- [WHAT YOU HAVE TO DO]: Only one span of the listing below is wanted: the lines from the one with "#241=ORIENTED_EDGE('',*,*,#231,.T.);" through the one with "#298=DIRECTION('',(0.,0.,-1.));", reproduced exactly, both ends kept.

++++++++++++++++++++

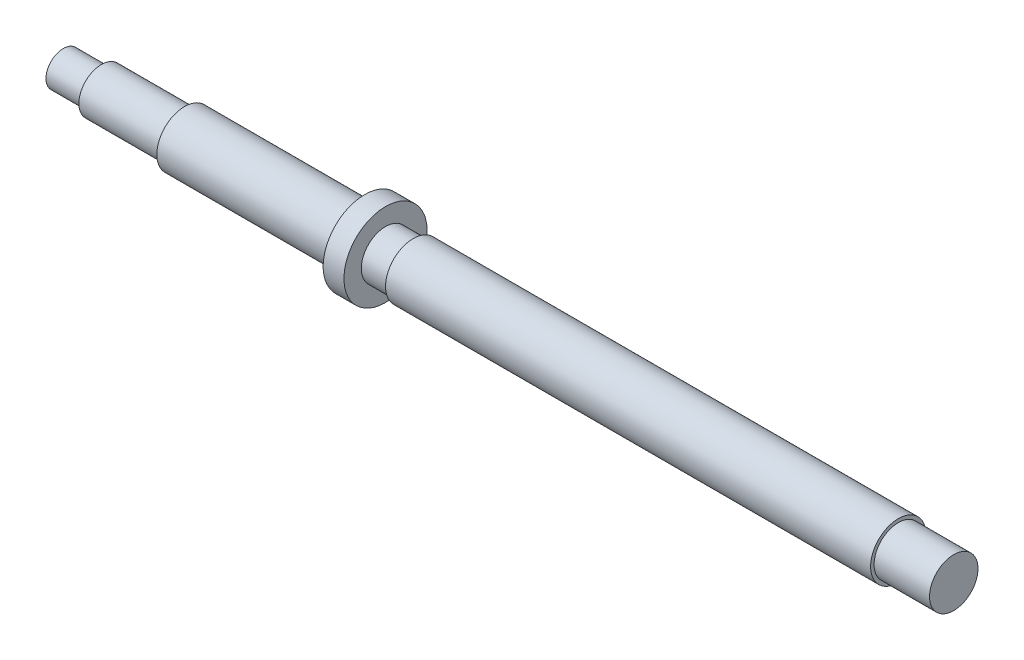
ISO-10303-21;
HEADER;
FILE_DESCRIPTION(('STEP AP214'),'2;1');
FILE_NAME('part.step','',(''),(''),'','','');
FILE_SCHEMA(('AUTOMOTIVE_DESIGN { 1 0 10303 214 1 1 1 1 }'));
ENDSEC;
DATA;
#1=APPLICATION_CONTEXT('core data for automotive mechanical design processes');
#2=APPLICATION_PROTOCOL_DEFINITION('international standard','automotive_design',2000,#1);
#3=PRODUCT_CONTEXT('',#1,'mechanical');
#4=PRODUCT('Part','Part','',(#3));
#5=PRODUCT_RELATED_PRODUCT_CATEGORY('part','',(#4));
#6=PRODUCT_DEFINITION_FORMATION('','',#4);
#7=PRODUCT_DEFINITION_CONTEXT('part definition',#1,'design');
#8=PRODUCT_DEFINITION('design','',#6,#7);
#9=PRODUCT_DEFINITION_SHAPE('','',#8);
#10=(LENGTH_UNIT() NAMED_UNIT(*) SI_UNIT(.MILLI.,.METRE.));
#11=(NAMED_UNIT(*) PLANE_ANGLE_UNIT() SI_UNIT($,.RADIAN.));
#12=(NAMED_UNIT(*) SI_UNIT($,.STERADIAN.) SOLID_ANGLE_UNIT());
#13=UNCERTAINTY_MEASURE_WITH_UNIT(LENGTH_MEASURE(1.E-05),#10,'distance_accuracy_value','');
#14=(GEOMETRIC_REPRESENTATION_CONTEXT(3) GLOBAL_UNCERTAINTY_ASSIGNED_CONTEXT((#13)) GLOBAL_UNIT_ASSIGNED_CONTEXT((#10,
#11,#12)) REPRESENTATION_CONTEXT('',''));
#15=CARTESIAN_POINT('',(0.,0.,0.));
#16=DIRECTION('',(0.,0.,1.));
#17=DIRECTION('',(1.,0.,0.));
#18=AXIS2_PLACEMENT_3D('',#15,#16,#17);
#19=CARTESIAN_POINT('',(-128.5,0.,0.));
#20=DIRECTION('',(-1.,0.,0.));
#21=DIRECTION('',(0.,0.,1.));
#22=AXIS2_PLACEMENT_3D('',#19,#20,#21);
#23=PLANE('',#22);
#24=CARTESIAN_POINT('',(-128.5,0.,0.));
#25=DIRECTION('',(1.,0.,0.));
#26=DIRECTION('',(0.,0.,-1.));
#27=AXIS2_PLACEMENT_3D('',#24,#25,#26);
#28=CIRCLE('',#27,5.00000000000005);
#29=CARTESIAN_POINT('',(-128.5,0.,-5.00000000000005));
#30=VERTEX_POINT('',#29);
#31=EDGE_CURVE('E10',#30,#30,#28,.T.);
#32=ORIENTED_EDGE('',*,*,#31,.F.);
#33=EDGE_LOOP('',(#32));
#34=FACE_BOUND('',#33,.T.);
#35=ADVANCED_FACE('F33',(#34),#23,.T.);
#36=CARTESIAN_POINT('',(128.5,0.,0.));
#37=DIRECTION('',(1.,0.,0.));
#38=DIRECTION('',(0.,0.,-1.));
#39=AXIS2_PLACEMENT_3D('',#36,#37,#38);
#40=CYLINDRICAL_SURFACE('',#39,5.00000000000005);
#41=ORIENTED_EDGE('',*,*,#31,.T.);
#42=EDGE_LOOP('',(#41));
#43=FACE_BOUND('',#42,.T.);
#44=CARTESIAN_POINT('',(-117.5,0.,0.));
#45=DIRECTION('',(1.,0.,0.));
#46=DIRECTION('',(0.,0.,-1.));
#47=AXIS2_PLACEMENT_3D('',#44,#45,#46);
#48=CIRCLE('',#47,5.00000000000004);
#49=CARTESIAN_POINT('',(-117.5,0.,-5.00000000000004));
#50=VERTEX_POINT('',#49);
#51=EDGE_CURVE('E39',#50,#50,#48,.T.);
#52=ORIENTED_EDGE('',*,*,#51,.F.);
#53=EDGE_LOOP('',(#52));
#54=FACE_BOUND('',#53,.T.);
#55=ADVANCED_FACE('F99',(#43,#54),#40,.T.);
#56=CARTESIAN_POINT('',(-117.5,5.00000000000001,0.));
#57=DIRECTION('',(-1.,0.,0.));
#58=DIRECTION('',(0.,0.,1.));
#59=AXIS2_PLACEMENT_3D('',#56,#57,#58);
#60=PLANE('',#59);
#61=ORIENTED_EDGE('',*,*,#51,.T.);
#62=EDGE_LOOP('',(#61));
#63=FACE_BOUND('',#62,.T.);
#64=CARTESIAN_POINT('',(-117.5,0.,0.));
#65=DIRECTION('',(1.,0.,0.));
#66=DIRECTION('',(0.,0.,-1.));
#67=AXIS2_PLACEMENT_3D('',#64,#65,#66);
#68=CIRCLE('',#67,6.50000000000005);
#69=CARTESIAN_POINT('',(-117.5,0.,-6.50000000000005));
#70=VERTEX_POINT('',#69);
#71=EDGE_CURVE('E43',#70,#70,#68,.T.);
#72=ORIENTED_EDGE('',*,*,#71,.F.);
#73=EDGE_LOOP('',(#72));
#74=FACE_BOUND('',#73,.T.);
#75=ADVANCED_FACE('F104',(#63,#74),#60,.T.);
#76=CARTESIAN_POINT('',(128.5,0.,0.));
#77=DIRECTION('',(1.,0.,0.));
#78=DIRECTION('',(0.,0.,-1.));
#79=AXIS2_PLACEMENT_3D('',#76,#77,#78);
#80=CYLINDRICAL_SURFACE('',#79,6.50000000000004);
#81=ORIENTED_EDGE('',*,*,#71,.T.);
#82=EDGE_LOOP('',(#81));
#83=FACE_BOUND('',#82,.T.);
#84=CARTESIAN_POINT('',(-93.5,0.,0.));
#85=DIRECTION('',(1.,0.,0.));
#86=DIRECTION('',(0.,0.,-1.));
#87=AXIS2_PLACEMENT_3D('',#84,#85,#86);
#88=CIRCLE('',#87,6.50000000000004);
#89=CARTESIAN_POINT('',(-93.5,0.,-6.50000000000004));
#90=VERTEX_POINT('',#89);
#91=EDGE_CURVE('E47',#90,#90,#88,.T.);
#92=ORIENTED_EDGE('',*,*,#91,.F.);
#93=EDGE_LOOP('',(#92));
#94=FACE_BOUND('',#93,.T.);
#95=ADVANCED_FACE('F108',(#83,#94),#80,.T.);
#96=CARTESIAN_POINT('',(-93.5,6.50000000000001,0.));
#97=DIRECTION('',(-1.,0.,0.));
#98=DIRECTION('',(0.,0.,1.));
#99=AXIS2_PLACEMENT_3D('',#96,#97,#98);
#100=PLANE('',#99);
#101=ORIENTED_EDGE('',*,*,#91,.T.);
#102=EDGE_LOOP('',(#101));
#103=FACE_BOUND('',#102,.T.);
#104=CARTESIAN_POINT('',(-93.5,0.,0.));
#105=DIRECTION('',(1.,0.,0.));
#106=DIRECTION('',(0.,0.,-1.));
#107=AXIS2_PLACEMENT_3D('',#104,#105,#106);
#108=CIRCLE('',#107,8.00000000000005);
#109=CARTESIAN_POINT('',(-93.5,0.,-8.00000000000005));
#110=VERTEX_POINT('',#109);
#111=EDGE_CURVE('E52',#110,#110,#108,.T.);
#112=ORIENTED_EDGE('',*,*,#111,.F.);
#113=EDGE_LOOP('',(#112));
#114=FACE_BOUND('',#113,.T.);
#115=ADVANCED_FACE('F114',(#103,#114),#100,.T.);
#116=CARTESIAN_POINT('',(128.5,0.,0.));
#117=DIRECTION('',(1.,0.,0.));
#118=DIRECTION('',(0.,0.,-1.));
#119=AXIS2_PLACEMENT_3D('',#116,#117,#118);
#120=CYLINDRICAL_SURFACE('',#119,8.00000000000004);
#121=ORIENTED_EDGE('',*,*,#111,.T.);
#122=EDGE_LOOP('',(#121));
#123=FACE_BOUND('',#122,.T.);
#124=CARTESIAN_POINT('',(-41.5,0.,0.));
#125=DIRECTION('',(1.,0.,0.));
#126=DIRECTION('',(0.,0.,-1.));
#127=AXIS2_PLACEMENT_3D('',#124,#125,#126);
#128=CIRCLE('',#127,8.00000000000003);
#129=CARTESIAN_POINT('',(-41.5,0.,-8.00000000000003));
#130=VERTEX_POINT('',#129);
#131=EDGE_CURVE('E55',#130,#130,#128,.T.);
#132=ORIENTED_EDGE('',*,*,#131,.F.);
#133=EDGE_LOOP('',(#132));
#134=FACE_BOUND('',#133,.T.);
#135=ADVANCED_FACE('F118',(#123,#134),#120,.T.);
#136=CARTESIAN_POINT('',(-41.5,8.,0.));
#137=DIRECTION('',(-1.,0.,0.));
#138=DIRECTION('',(0.,0.,1.));
#139=AXIS2_PLACEMENT_3D('',#136,#137,#138);
#140=PLANE('',#139);
#141=ORIENTED_EDGE('',*,*,#131,.T.);
#142=EDGE_LOOP('',(#141));
#143=FACE_BOUND('',#142,.T.);
#144=CARTESIAN_POINT('',(-41.5,0.,0.));
#145=DIRECTION('',(1.,0.,0.));
#146=DIRECTION('',(0.,0.,-1.));
#147=AXIS2_PLACEMENT_3D('',#144,#145,#146);
#148=CIRCLE('',#147,12.);
#149=CARTESIAN_POINT('',(-41.5,0.,-12.));
#150=VERTEX_POINT('',#149);
#151=EDGE_CURVE('E58',#150,#150,#148,.T.);
#152=ORIENTED_EDGE('',*,*,#151,.F.);
#153=EDGE_LOOP('',(#152));
#154=FACE_BOUND('',#153,.T.);
#155=ADVANCED_FACE('F122',(#143,#154),#140,.T.);
#156=CARTESIAN_POINT('',(128.5,0.,0.));
#157=DIRECTION('',(1.,0.,0.));
#158=DIRECTION('',(0.,0.,-1.));
#159=AXIS2_PLACEMENT_3D('',#156,#157,#158);
#160=CYLINDRICAL_SURFACE('',#159,12.);
#161=ORIENTED_EDGE('',*,*,#151,.T.);
#162=EDGE_LOOP('',(#161));
#163=FACE_BOUND('',#162,.T.);
#164=CARTESIAN_POINT('',(-35.5,0.,0.));
#165=DIRECTION('',(1.,0.,0.));
#166=DIRECTION('',(0.,0.,-1.));
#167=AXIS2_PLACEMENT_3D('',#164,#165,#166);
#168=CIRCLE('',#167,12.);
#169=CARTESIAN_POINT('',(-35.5,0.,-12.));
#170=VERTEX_POINT('',#169);
#171=EDGE_CURVE('E61',#170,#170,#168,.T.);
#172=ORIENTED_EDGE('',*,*,#171,.F.);
#173=EDGE_LOOP('',(#172));
#174=FACE_BOUND('',#173,.T.);
#175=ADVANCED_FACE('F126',(#163,#174),#160,.T.);
#176=CARTESIAN_POINT('',(-35.5,12.,0.));
#177=DIRECTION('',(1.,0.,0.));
#178=DIRECTION('',(0.,0.,-1.));
#179=AXIS2_PLACEMENT_3D('',#176,#177,#178);
#180=PLANE('',#179);
#181=ORIENTED_EDGE('',*,*,#171,.T.);
#182=EDGE_LOOP('',(#181));
#183=FACE_BOUND('',#182,.T.);
#184=CARTESIAN_POINT('',(-35.5,0.,0.));
#185=DIRECTION('',(1.,0.,0.));
#186=DIRECTION('',(0.,0.,-1.));
#187=AXIS2_PLACEMENT_3D('',#184,#185,#186);
#188=CIRCLE('',#187,7.);
#189=CARTESIAN_POINT('',(-35.5,0.,-7.));
#190=VERTEX_POINT('',#189);
#191=EDGE_CURVE('E64',#190,#190,#188,.T.);
#192=ORIENTED_EDGE('',*,*,#191,.F.);
#193=EDGE_LOOP('',(#192));
#194=FACE_BOUND('',#193,.T.);
#195=ADVANCED_FACE('F130',(#183,#194),#180,.T.);
#196=CARTESIAN_POINT('',(128.5,0.,0.));
#197=DIRECTION('',(1.,0.,0.));
#198=DIRECTION('',(0.,0.,-1.));
#199=AXIS2_PLACEMENT_3D('',#196,#197,#198);
#200=CYLINDRICAL_SURFACE('',#199,7.);
#201=ORIENTED_EDGE('',*,*,#191,.T.);
#202=EDGE_LOOP('',(#201));
#203=FACE_BOUND('',#202,.T.);
#204=CARTESIAN_POINT('',(-27.5,0.,0.));
#205=DIRECTION('',(1.,0.,0.));
#206=DIRECTION('',(0.,0.,-1.));
#207=AXIS2_PLACEMENT_3D('',#204,#205,#206);
#208=CIRCLE('',#207,7.);
#209=CARTESIAN_POINT('',(-27.5,0.,-7.));
#210=VERTEX_POINT('',#209);
#211=EDGE_CURVE('E67',#210,#210,#208,.T.);
#212=ORIENTED_EDGE('',*,*,#211,.F.);
#213=EDGE_LOOP('',(#212));
#214=FACE_BOUND('',#213,.T.);
#215=ADVANCED_FACE('F134',(#203,#214),#200,.T.);
#216=CARTESIAN_POINT('',(-27.5,6.99999999999997,0.));
#217=DIRECTION('',(-1.,0.,0.));
#218=DIRECTION('',(0.,0.,1.));
#219=AXIS2_PLACEMENT_3D('',#216,#217,#218);
#220=PLANE('',#219);
#221=ORIENTED_EDGE('',*,*,#211,.T.);
#222=EDGE_LOOP('',(#221));
#223=FACE_BOUND('',#222,.T.);
#224=CARTESIAN_POINT('',(-27.5,0.,0.));
#225=DIRECTION('',(1.,0.,0.));
#226=DIRECTION('',(0.,0.,-1.));
#227=AXIS2_PLACEMENT_3D('',#224,#225,#226);
#228=CIRCLE('',#227,8.00000000000002);
#229=CARTESIAN_POINT('',(-27.5,0.,-8.00000000000002));
#230=VERTEX_POINT('',#229);
#231=EDGE_CURVE('E70',#230,#230,#228,.T.);
#232=ORIENTED_EDGE('',*,*,#231,.F.);
#233=EDGE_LOOP('',(#232));
#234=FACE_BOUND('',#233,.T.);
#235=ADVANCED_FACE('F138',(#223,#234),#220,.T.);
#236=CARTESIAN_POINT('',(128.5,0.,0.));
#237=DIRECTION('',(1.,0.,0.));
#238=DIRECTION('',(0.,0.,-1.));
#239=AXIS2_PLACEMENT_3D('',#236,#237,#238);
#240=CYLINDRICAL_SURFACE('',#239,8.00000000000002);
#241=ORIENTED_EDGE('',*,*,#231,.T.);
#242=EDGE_LOOP('',(#241));
#243=FACE_BOUND('',#242,.T.);
#244=CARTESIAN_POINT('',(112.5,0.,0.));
#245=DIRECTION('',(1.,0.,0.));
#246=DIRECTION('',(0.,0.,-1.));
#247=AXIS2_PLACEMENT_3D('',#244,#245,#246);
#248=CIRCLE('',#247,8.00000000000002);
#249=CARTESIAN_POINT('',(112.5,0.,-8.00000000000002));
#250=VERTEX_POINT('',#249);
#251=EDGE_CURVE('E73',#250,#250,#248,.T.);
#252=ORIENTED_EDGE('',*,*,#251,.F.);
#253=EDGE_LOOP('',(#252));
#254=FACE_BOUND('',#253,.T.);
#255=ADVANCED_FACE('F95',(#243,#254),#240,.T.);
#256=CARTESIAN_POINT('',(112.5,7.99999999999998,0.));
#257=DIRECTION('',(1.,0.,0.));
#258=DIRECTION('',(0.,0.,-1.));
#259=AXIS2_PLACEMENT_3D('',#256,#257,#258);
#260=PLANE('',#259);
#261=ORIENTED_EDGE('',*,*,#251,.T.);
#262=EDGE_LOOP('',(#261));
#263=FACE_BOUND('',#262,.T.);
#264=CARTESIAN_POINT('',(112.5,0.,0.));
#265=DIRECTION('',(1.,0.,0.));
#266=DIRECTION('',(0.,0.,-1.));
#267=AXIS2_PLACEMENT_3D('',#264,#265,#266);
#268=CIRCLE('',#267,7.);
#269=CARTESIAN_POINT('',(112.5,0.,-7.));
#270=VERTEX_POINT('',#269);
#271=EDGE_CURVE('E76',#270,#270,#268,.T.);
#272=ORIENTED_EDGE('',*,*,#271,.F.);
#273=EDGE_LOOP('',(#272));
#274=FACE_BOUND('',#273,.T.);
#275=ADVANCED_FACE('F87',(#263,#274),#260,.T.);
#276=CARTESIAN_POINT('',(128.5,0.,0.));
#277=DIRECTION('',(1.,0.,0.));
#278=DIRECTION('',(0.,0.,-1.));
#279=AXIS2_PLACEMENT_3D('',#276,#277,#278);
#280=CYLINDRICAL_SURFACE('',#279,7.);
#281=ORIENTED_EDGE('',*,*,#271,.T.);
#282=EDGE_LOOP('',(#281));
#283=FACE_BOUND('',#282,.T.);
#284=CARTESIAN_POINT('',(128.5,0.,0.));
#285=DIRECTION('',(1.,0.,0.));
#286=DIRECTION('',(0.,0.,-1.));
#287=AXIS2_PLACEMENT_3D('',#284,#285,#286);
#288=CIRCLE('',#287,7.);
#289=CARTESIAN_POINT('',(128.5,0.,-7.));
#290=VERTEX_POINT('',#289);
#291=EDGE_CURVE('E79',#290,#290,#288,.T.);
#292=ORIENTED_EDGE('',*,*,#291,.F.);
#293=EDGE_LOOP('',(#292));
#294=FACE_BOUND('',#293,.T.);
#295=ADVANCED_FACE('F85',(#283,#294),#280,.T.);
#296=CARTESIAN_POINT('',(128.5,6.99999999999997,0.));
#297=DIRECTION('',(1.,0.,0.));
#298=DIRECTION('',(0.,0.,-1.));
#299=AXIS2_PLACEMENT_3D('',#296,#297,#298);
#300=PLANE('',#299);
#301=ORIENTED_EDGE('',*,*,#291,.T.);
#302=EDGE_LOOP('',(#301));
#303=FACE_BOUND('',#302,.T.);
#304=ADVANCED_FACE('F83',(#303),#300,.T.);
#305=CLOSED_SHELL('',(#35,#55,#75,#95,#115,#135,#155,#175,#195,#215,#235,#255,#275,#295,#304));
#306=MANIFOLD_SOLID_BREP('B2',#305);
#307=ADVANCED_BREP_SHAPE_REPRESENTATION('',(#18,#306),#14);
#308=SHAPE_DEFINITION_REPRESENTATION(#9,#307);
ENDSEC;
END-ISO-10303-21;

++++++++++++++++++++

- [RESULT OF THIS EXERCISE]:
#241=ORIENTED_EDGE('',*,*,#231,.T.);
#242=EDGE_LOOP('',(#241));
#243=FACE_BOUND('',#242,.T.);
#244=CARTESIAN_POINT('',(112.5,0.,0.));
#245=DIRECTION('',(1.,0.,0.));
#246=DIRECTION('',(0.,0.,-1.));
#247=AXIS2_PLACEMENT_3D('',#244,#245,#246);
#248=CIRCLE('',#247,8.00000000000002);
#249=CARTESIAN_POINT('',(112.5,0.,-8.00000000000002));
#250=VERTEX_POINT('',#249);
#251=EDGE_CURVE('E73',#250,#250,#248,.T.);
#252=ORIENTED_EDGE('',*,*,#251,.F.);
#253=EDGE_LOOP('',(#252));
#254=FACE_BOUND('',#253,.T.);
#255=ADVANCED_FACE('F95',(#243,#254),#240,.T.);
#256=CARTESIAN_POINT('',(112.5,7.99999999999998,0.));
#257=DIRECTION('',(1.,0.,0.));
#258=DIRECTION('',(0.,0.,-1.));
#259=AXIS2_PLACEMENT_3D('',#256,#257,#258);
#260=PLANE('',#259);
#261=ORIENTED_EDGE('',*,*,#251,.T.);
#262=EDGE_LOOP('',(#261));
#263=FACE_BOUND('',#262,.T.);
#264=CARTESIAN_POINT('',(112.5,0.,0.));
#265=DIRECTION('',(1.,0.,0.));
#266=DIRECTION('',(0.,0.,-1.));
#267=AXIS2_PLACEMENT_3D('',#264,#265,#266);
#268=CIRCLE('',#267,7.);
#269=CARTESIAN_POINT('',(112.5,0.,-7.));
#270=VERTEX_POINT('',#269);
#271=EDGE_CURVE('E76',#270,#270,#268,.T.);
#272=ORIENTED_EDGE('',*,*,#271,.F.);
#273=EDGE_LOOP('',(#272));
#274=FACE_BOUND('',#273,.T.);
#275=ADVANCED_FACE('F87',(#263,#274),#260,.T.);
#276=CARTESIAN_POINT('',(128.5,0.,0.));
#277=DIRECTION('',(1.,0.,0.));
#278=DIRECTION('',(0.,0.,-1.));
#279=AXIS2_PLACEMENT_3D('',#276,#277,#278);
#280=CYLINDRICAL_SURFACE('',#279,7.);
#281=ORIENTED_EDGE('',*,*,#271,.T.);
#282=EDGE_LOOP('',(#281));
#283=FACE_BOUND('',#282,.T.);
#284=CARTESIAN_POINT('',(128.5,0.,0.));
#285=DIRECTION('',(1.,0.,0.));
#286=DIRECTION('',(0.,0.,-1.));
#287=AXIS2_PLACEMENT_3D('',#284,#285,#286);
#288=CIRCLE('',#287,7.);
#289=CARTESIAN_POINT('',(128.5,0.,-7.));
#290=VERTEX_POINT('',#289);
#291=EDGE_CURVE('E79',#290,#290,#288,.T.);
#292=ORIENTED_EDGE('',*,*,#291,.F.);
#293=EDGE_LOOP('',(#292));
#294=FACE_BOUND('',#293,.T.);
#295=ADVANCED_FACE('F85',(#283,#294),#280,.T.);
#296=CARTESIAN_POINT('',(128.5,6.99999999999997,0.));
#297=DIRECTION('',(1.,0.,0.));
#298=DIRECTION('',(0.,0.,-1.));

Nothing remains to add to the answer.